How SparkStreaming writes Hive latency 07/02 Update SLTechnology News&Howtos

How SparkStreaming writes Hive latency

2025-07-02 Update From: SLTechnology News&Howtos shulou NAV: SLTechnology News&Howtos > Internet Technology >

Shulou(Shulou.com)06/01 Report--

Editor to share with you how to write SparkStreaming Hive delay, I believe that most people do not know much about it, so share this article for your reference, I hope you can learn a lot after reading this article, let's learn about it!

Background:

Hive version: 1.2.1 Magi Spark version: 2.3.0, real-time program logic is relatively simple, from Kafka consumption data, write to Hive table.

The data order of magnitude is hundreds of millions, and the bath time of SparkStreaming is 1 min. Task accumulation begins at a certain time, that is, a large number of tasks are in Queued state, stuck in a certain job, and the longest delay time is 1.7h.

Checking the job status has been in processing, but it only takes about 30 seconds for the job to write the hive, but the final execution of the job takes much longer than that.

Slowly, each batch is a few minutes slower and accumulates, resulting in a large area of data delay.

Analysis:

Write part of the logic code to Hive, which is simple, as follows:

/ / the conversion process of the above RDD is slightly.... toDF.write.mode (SaveMode.Append) .insertInto ("ods.user_events")

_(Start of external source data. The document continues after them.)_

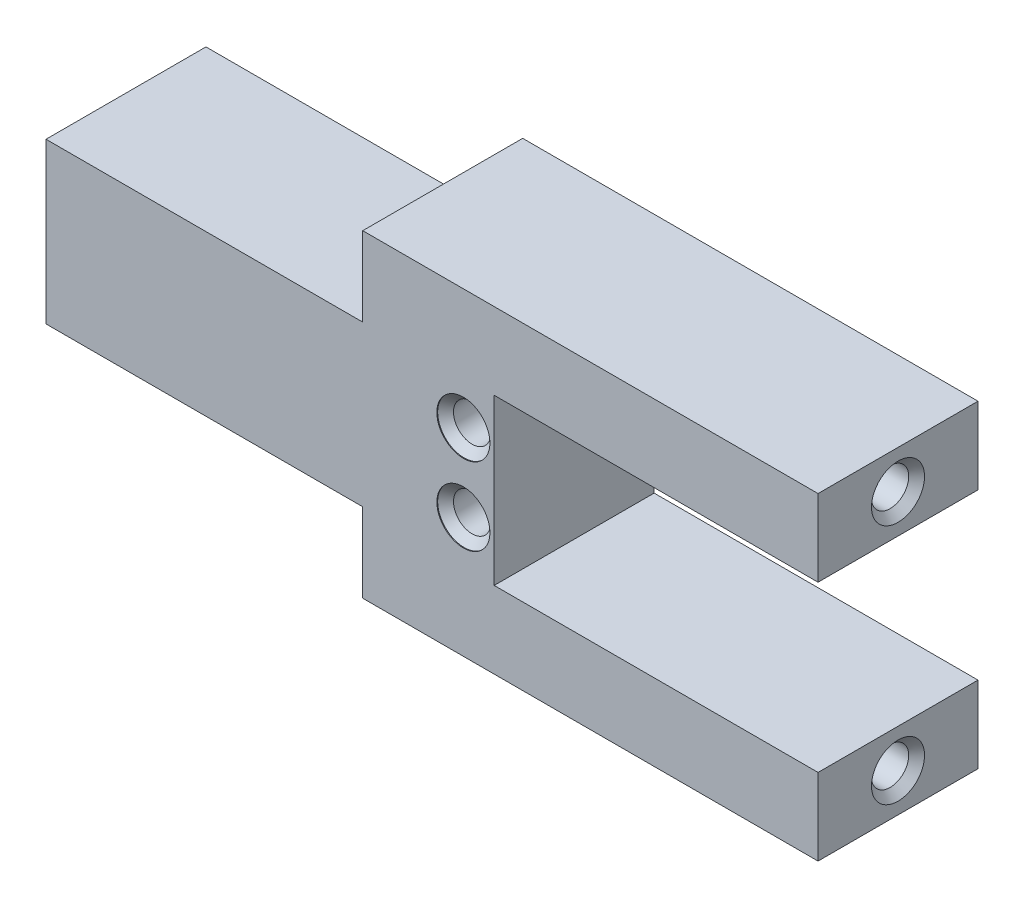
ISO-10303-21;
HEADER;
FILE_DESCRIPTION(('STEP AP214'),'2;1');
FILE_NAME('part.step','',(''),(''),'','','');
FILE_SCHEMA(('AUTOMOTIVE_DESIGN { 1 0 10303 214 1 1 1 1 }'));
ENDSEC;
DATA;
#1=APPLICATION_CONTEXT('core data for automotive mechanical design processes');
#2=APPLICATION_PROTOCOL_DEFINITION('international standard','automotive_design',2000,#1);
#3=PRODUCT_CONTEXT('',#1,'mechanical');
#4=PRODUCT('Part','Part','',(#3));
#5=PRODUCT_RELATED_PRODUCT_CATEGORY('part','',(#4));
#6=PRODUCT_DEFINITION_FORMATION('','',#4);
#7=PRODUCT_DEFINITION_CONTEXT('part definition',#1,'design');
#8=PRODUCT_DEFINITION('design','',#6,#7);
#9=PRODUCT_DEFINITION_SHAPE('','',#8);
#10=(LENGTH_UNIT() NAMED_UNIT(*) SI_UNIT(.MILLI.,.METRE.));
#11=(NAMED_UNIT(*) PLANE_ANGLE_UNIT() SI_UNIT($,.RADIAN.));
#12=(NAMED_UNIT(*) SI_UNIT($,.STERADIAN.) SOLID_ANGLE_UNIT());
#13=UNCERTAINTY_MEASURE_WITH_UNIT(LENGTH_MEASURE(1.E-05),#10,'distance_accuracy_value','');
#14=(GEOMETRIC_REPRESENTATION_CONTEXT(3) GLOBAL_UNCERTAINTY_ASSIGNED_CONTEXT((#13)) GLOBAL_UNIT_ASSIGNED_CONTEXT((#10,
#11,#12)) REPRESENTATION_CONTEXT('',''));
#15=CARTESIAN_POINT('',(0.,0.,0.));
#16=DIRECTION('',(0.,0.,1.));
#17=DIRECTION('',(1.,0.,0.));
#18=AXIS2_PLACEMENT_3D('',#15,#16,#17);
#19=CARTESIAN_POINT('',(84.7,20.1,10.));
#20=DIRECTION('',(0.,-1.,0.));
#21=DIRECTION('',(0.,0.,-1.));
#22=AXIS2_PLACEMENT_3D('',#19,#20,#21);
#23=PLANE('',#22);
#24=DIRECTION('',(0.,0.,-1.));
#25=VECTOR('',#24,1.);
#26=CARTESIAN_POINT('',(15.3,20.1,10.));
#27=LINE('',#26,#25);
#28=CARTESIAN_POINT('',(15.3,20.1,10.1));
#29=VERTEX_POINT('',#28);
#30=CARTESIAN_POINT('',(15.3,20.1,-10.1));
#31=VERTEX_POINT('',#30);
#32=EDGE_CURVE('E260',#29,#31,#27,.T.);
#33=ORIENTED_EDGE('',*,*,#32,.F.);
#34=DIRECTION('',(-1.,0.,0.));
#35=VECTOR('',#34,1.);
#36=CARTESIAN_POINT('',(72.8,20.1,10.1));
#37=LINE('',#36,#35);
#38=CARTESIAN_POINT('',(72.8,20.1,10.1));
#39=VERTEX_POINT('',#38);
#40=EDGE_CURVE('E203',#39,#29,#37,.T.);
#41=ORIENTED_EDGE('',*,*,#40,.F.);
#42=DIRECTION('',(0.,0.,1.));
#43=VECTOR('',#42,1.);
#44=CARTESIAN_POINT('',(72.8,20.1,-10.));
#45=LINE('',#44,#43);
#46=CARTESIAN_POINT('',(72.8,20.1,-10.1));
#47=VERTEX_POINT('',#46);
#48=EDGE_CURVE('E150',#47,#39,#45,.T.);
#49=ORIENTED_EDGE('',*,*,#48,.F.);
#50=DIRECTION('',(1.,0.,0.));
#51=VECTOR('',#50,1.);
#52=CARTESIAN_POINT('',(15.3,20.1,-10.1));
#53=LINE('',#52,#51);
#54=EDGE_CURVE('E174',#31,#47,#53,.T.);
#55=ORIENTED_EDGE('',*,*,#54,.F.);
#56=EDGE_LOOP('',(#33,#41,#49,#55));
#57=FACE_BOUND('',#56,.T.);
#58=ADVANCED_FACE('F41',(#57),#23,.F.);
#59=CARTESIAN_POINT('',(84.7,-20.1,10.));
#60=DIRECTION('',(0.,1.,0.));
#61=DIRECTION('',(0.,0.,1.));
#62=AXIS2_PLACEMENT_3D('',#59,#60,#61);
#63=PLANE('',#62);
#64=DIRECTION('',(0.,0.,1.));
#65=VECTOR('',#64,1.);
#66=CARTESIAN_POINT('',(15.3,-20.1,10.));
#67=LINE('',#66,#65);
#68=CARTESIAN_POINT('',(15.3,-20.1,-10.1));
#69=VERTEX_POINT('',#68);
#70=CARTESIAN_POINT('',(15.3,-20.1,10.1));
#71=VERTEX_POINT('',#70);
#72=EDGE_CURVE('E155',#69,#71,#67,.T.);
#73=ORIENTED_EDGE('',*,*,#72,.F.);
#74=DIRECTION('',(-1.,0.,0.));
#75=VECTOR('',#74,1.);
#76=CARTESIAN_POINT('',(72.8,-20.1,-10.1));
#77=LINE('',#76,#75);
#78=CARTESIAN_POINT('',(72.8,-20.1,-10.1));
#79=VERTEX_POINT('',#78);
#80=EDGE_CURVE('E153',#79,#69,#77,.T.);
#81=ORIENTED_EDGE('',*,*,#80,.F.);
#82=DIRECTION('',(0.,0.,1.));
#83=VECTOR('',#82,1.);
#84=CARTESIAN_POINT('',(72.8,-20.1,-10.));
#85=LINE('',#84,#83);
#86=CARTESIAN_POINT('',(72.8,-20.1,10.1));
#87=VERTEX_POINT('',#86);
#88=EDGE_CURVE('E138',#79,#87,#85,.T.);
#89=ORIENTED_EDGE('',*,*,#88,.T.);
#90=DIRECTION('',(1.,0.,0.));
#91=VECTOR('',#90,1.);
#92=CARTESIAN_POINT('',(15.3,-20.1,10.1));
#93=LINE('',#92,#91);
#94=EDGE_CURVE('E211',#71,#87,#93,.T.);
#95=ORIENTED_EDGE('',*,*,#94,.F.);
#96=EDGE_LOOP('',(#73,#81,#89,#95));
#97=FACE_BOUND('',#96,.T.);
#98=ADVANCED_FACE('F154',(#97),#63,.F.);
#99=CARTESIAN_POINT('',(31.9,10.4,-10.));
#100=DIRECTION('',(-1.,0.,0.));
#101=DIRECTION('',(0.,0.,1.));
#102=AXIS2_PLACEMENT_3D('',#99,#100,#101);
#103=PLANE('',#102);
#104=DIRECTION('',(0.,0.,1.));
#105=VECTOR('',#104,1.);
#106=CARTESIAN_POINT('',(31.9,10.4,-10.));
#107=LINE('',#106,#105);
#108=CARTESIAN_POINT('',(31.9,10.4,-10.1));
#109=VERTEX_POINT('',#108);
#110=CARTESIAN_POINT('',(31.9,10.4,10.1));
#111=VERTEX_POINT('',#110);
#112=EDGE_CURVE('E281',#109,#111,#107,.T.);
#113=ORIENTED_EDGE('',*,*,#112,.T.);
#114=DIRECTION('',(0.,1.,0.));
#115=VECTOR('',#114,1.);
#116=CARTESIAN_POINT('',(31.9,-10.4,10.1));
#117=LINE('',#116,#115);
#118=CARTESIAN_POINT('',(31.9,-10.4,10.1));
#119=VERTEX_POINT('',#118);
#120=EDGE_CURVE('E220',#119,#111,#117,.T.);
#121=ORIENTED_EDGE('',*,*,#120,.F.);
#122=DIRECTION('',(0.,0.,1.));
#123=VECTOR('',#122,1.);
#124=CARTESIAN_POINT('',(31.9,-10.4,-10.));
#125=LINE('',#124,#123);
#126=CARTESIAN_POINT('',(31.9,-10.4,-10.1));
#127=VERTEX_POINT('',#126);
#128=EDGE_CURVE('E149',#127,#119,#125,.T.);
#129=ORIENTED_EDGE('',*,*,#128,.F.);
#130=DIRECTION('',(0.,-1.,0.));
#131=VECTOR('',#130,1.);
#132=CARTESIAN_POINT('',(31.9,10.4,-10.1));
#133=LINE('',#132,#131);
#134=EDGE_CURVE('E186',#109,#127,#133,.T.);
#135=ORIENTED_EDGE('',*,*,#134,.F.);
#136=EDGE_LOOP('',(#113,#121,#129,#135));
#137=FACE_BOUND('',#136,.T.);
#138=ADVANCED_FACE('F372',(#137),#103,.F.);
#139=CARTESIAN_POINT('',(72.8,10.4,-10.));
#140=DIRECTION('',(0.,1.,0.));
#141=DIRECTION('',(-1.,0.,0.));
#142=AXIS2_PLACEMENT_3D('',#139,#140,#141);
#143=PLANE('',#142);
#144=DIRECTION('',(0.,0.,1.));
#145=VECTOR('',#144,1.);
#146=CARTESIAN_POINT('',(72.8,10.4,-10.));
#147=LINE('',#146,#145);
#148=CARTESIAN_POINT('',(72.8,10.4,-10.1));
#149=VERTEX_POINT('',#148);
#150=CARTESIAN_POINT('',(72.8,10.4,10.1));
#151=VERTEX_POINT('',#150);
#152=EDGE_CURVE('E88',#149,#151,#147,.T.);
#153=ORIENTED_EDGE('',*,*,#152,.T.);
#154=DIRECTION('',(1.,0.,0.));
#155=VECTOR('',#154,1.);
#156=CARTESIAN_POINT('',(31.9,10.4,10.1));
#157=LINE('',#156,#155);
#158=EDGE_CURVE('E224',#111,#151,#157,.T.);
#159=ORIENTED_EDGE('',*,*,#158,.F.);
#160=ORIENTED_EDGE('',*,*,#112,.F.);
#161=DIRECTION('',(-1.,0.,0.));
#162=VECTOR('',#161,1.);
#163=CARTESIAN_POINT('',(72.8,10.4,-10.1));
#164=LINE('',#163,#162);
#165=EDGE_CURVE('E182',#149,#109,#164,.T.);
#166=ORIENTED_EDGE('',*,*,#165,.F.);
#167=EDGE_LOOP('',(#153,#159,#160,#166));
#168=FACE_BOUND('',#167,.T.);
#169=ADVANCED_FACE('F524',(#168),#143,.F.);
#170=CARTESIAN_POINT('',(72.8,-10.4,-10.));
#171=DIRECTION('',(0.,-1.,0.));
#172=DIRECTION('',(1.,0.,0.));
#173=AXIS2_PLACEMENT_3D('',#170,#171,#172);
#174=PLANE('',#173);
#175=ORIENTED_EDGE('',*,*,#128,.T.);
#176=DIRECTION('',(-1.,0.,0.));
#177=VECTOR('',#176,1.);
#178=CARTESIAN_POINT('',(72.8,-10.4,10.1));
#179=LINE('',#178,#177);
#180=CARTESIAN_POINT('',(72.8,-10.4,10.1));
#181=VERTEX_POINT('',#180);
#182=EDGE_CURVE('E216',#181,#119,#179,.T.);
#183=ORIENTED_EDGE('',*,*,#182,.F.);
#184=DIRECTION('',(0.,0.,1.));
#185=VECTOR('',#184,1.);
#186=CARTESIAN_POINT('',(72.8,-10.4,-10.));
#187=LINE('',#186,#185);
#188=CARTESIAN_POINT('',(72.8,-10.4,-10.1));
#189=VERTEX_POINT('',#188);
#190=EDGE_CURVE('E287',#189,#181,#187,.T.);
#191=ORIENTED_EDGE('',*,*,#190,.F.);
#192=DIRECTION('',(1.,0.,0.));
#193=VECTOR('',#192,1.);
#194=CARTESIAN_POINT('',(31.9,-10.4,-10.1));
#195=LINE('',#194,#193);
#196=EDGE_CURVE('E167',#127,#189,#195,.T.);
#197=ORIENTED_EDGE('',*,*,#196,.F.);
#198=EDGE_LOOP('',(#175,#183,#191,#197));
#199=FACE_BOUND('',#198,.T.);
#200=ADVANCED_FACE('F363',(#199),#174,.F.);
#201=CARTESIAN_POINT('',(72.8,20.1,-10.));
#202=DIRECTION('',(-1.,0.,0.));
#203=DIRECTION('',(0.,0.,1.));
#204=AXIS2_PLACEMENT_3D('',#201,#202,#203);
#205=PLANE('',#204);
#206=CARTESIAN_POINT('',(72.8,-15.25,0.));
#207=DIRECTION('',(-1.,0.,0.));
#208=DIRECTION('',(0.,0.,1.));
#209=AXIS2_PLACEMENT_3D('',#206,#207,#208);
#210=CIRCLE('',#209,3.35000000000001);
#211=CARTESIAN_POINT('',(72.8,-15.25,3.35));
#212=VERTEX_POINT('',#211);
#213=EDGE_CURVE('E319',#212,#212,#210,.T.);
#214=ORIENTED_EDGE('',*,*,#213,.T.);
#215=EDGE_LOOP('',(#214));
#216=FACE_BOUND('',#215,.T.);
#217=ORIENTED_EDGE('',*,*,#190,.T.);
#218=DIRECTION('',(0.,1.,0.));
#219=VECTOR('',#218,1.);
#220=CARTESIAN_POINT('',(72.8,-20.1,10.1));
#221=LINE('',#220,#219);
#222=EDGE_CURVE('E144',#87,#181,#221,.T.);
#223=ORIENTED_EDGE('',*,*,#222,.F.);
#224=ORIENTED_EDGE('',*,*,#88,.F.);
#225=DIRECTION('',(0.,-1.,0.));
#226=VECTOR('',#225,1.);
#227=CARTESIAN_POINT('',(72.8,-10.4,-10.1));
#228=LINE('',#227,#226);
#229=EDGE_CURVE('E142',#189,#79,#228,.T.);
#230=ORIENTED_EDGE('',*,*,#229,.F.);
#231=EDGE_LOOP('',(#217,#223,#224,#230));
#232=FACE_BOUND('',#231,.T.);
#233=ADVANCED_FACE('F140',(#216,#232),#205,.F.);
#234=CARTESIAN_POINT('',(72.8,15.25,0.));
#235=DIRECTION('',(-1.,0.,0.));
#236=DIRECTION('',(0.,0.,1.));
#237=AXIS2_PLACEMENT_3D('',#234,#235,#236);
#238=CIRCLE('',#237,3.35000000000001);
#239=CARTESIAN_POINT('',(72.8,15.25,3.35000000000001));
#240=VERTEX_POINT('',#239);
#241=EDGE_CURVE('E311',#240,#240,#238,.T.);
#242=ORIENTED_EDGE('',*,*,#241,.T.);
#243=EDGE_LOOP('',(#242));
#244=FACE_BOUND('',#243,.T.);
#245=ORIENTED_EDGE('',*,*,#152,.F.);
#246=DIRECTION('',(0.,-1.,0.));
#247=VECTOR('',#246,1.);
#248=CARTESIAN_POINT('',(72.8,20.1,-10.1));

By looking at the source code of Hive, we found that:

If you read the source code above, you can find that when you write data to Hive, you will generate a lin folder starting with. Hive-staging in the target table (the folder of the default location target table after version 1.1), and the result will be stored in a temporary folder. After the execution is completed, put the temporary folder rename under the corresponding target table file.

The rename here is not as simple as directly modifying hive metadata. Mv file is executed only under certain conditions, otherwise it will still be in the form of copy file.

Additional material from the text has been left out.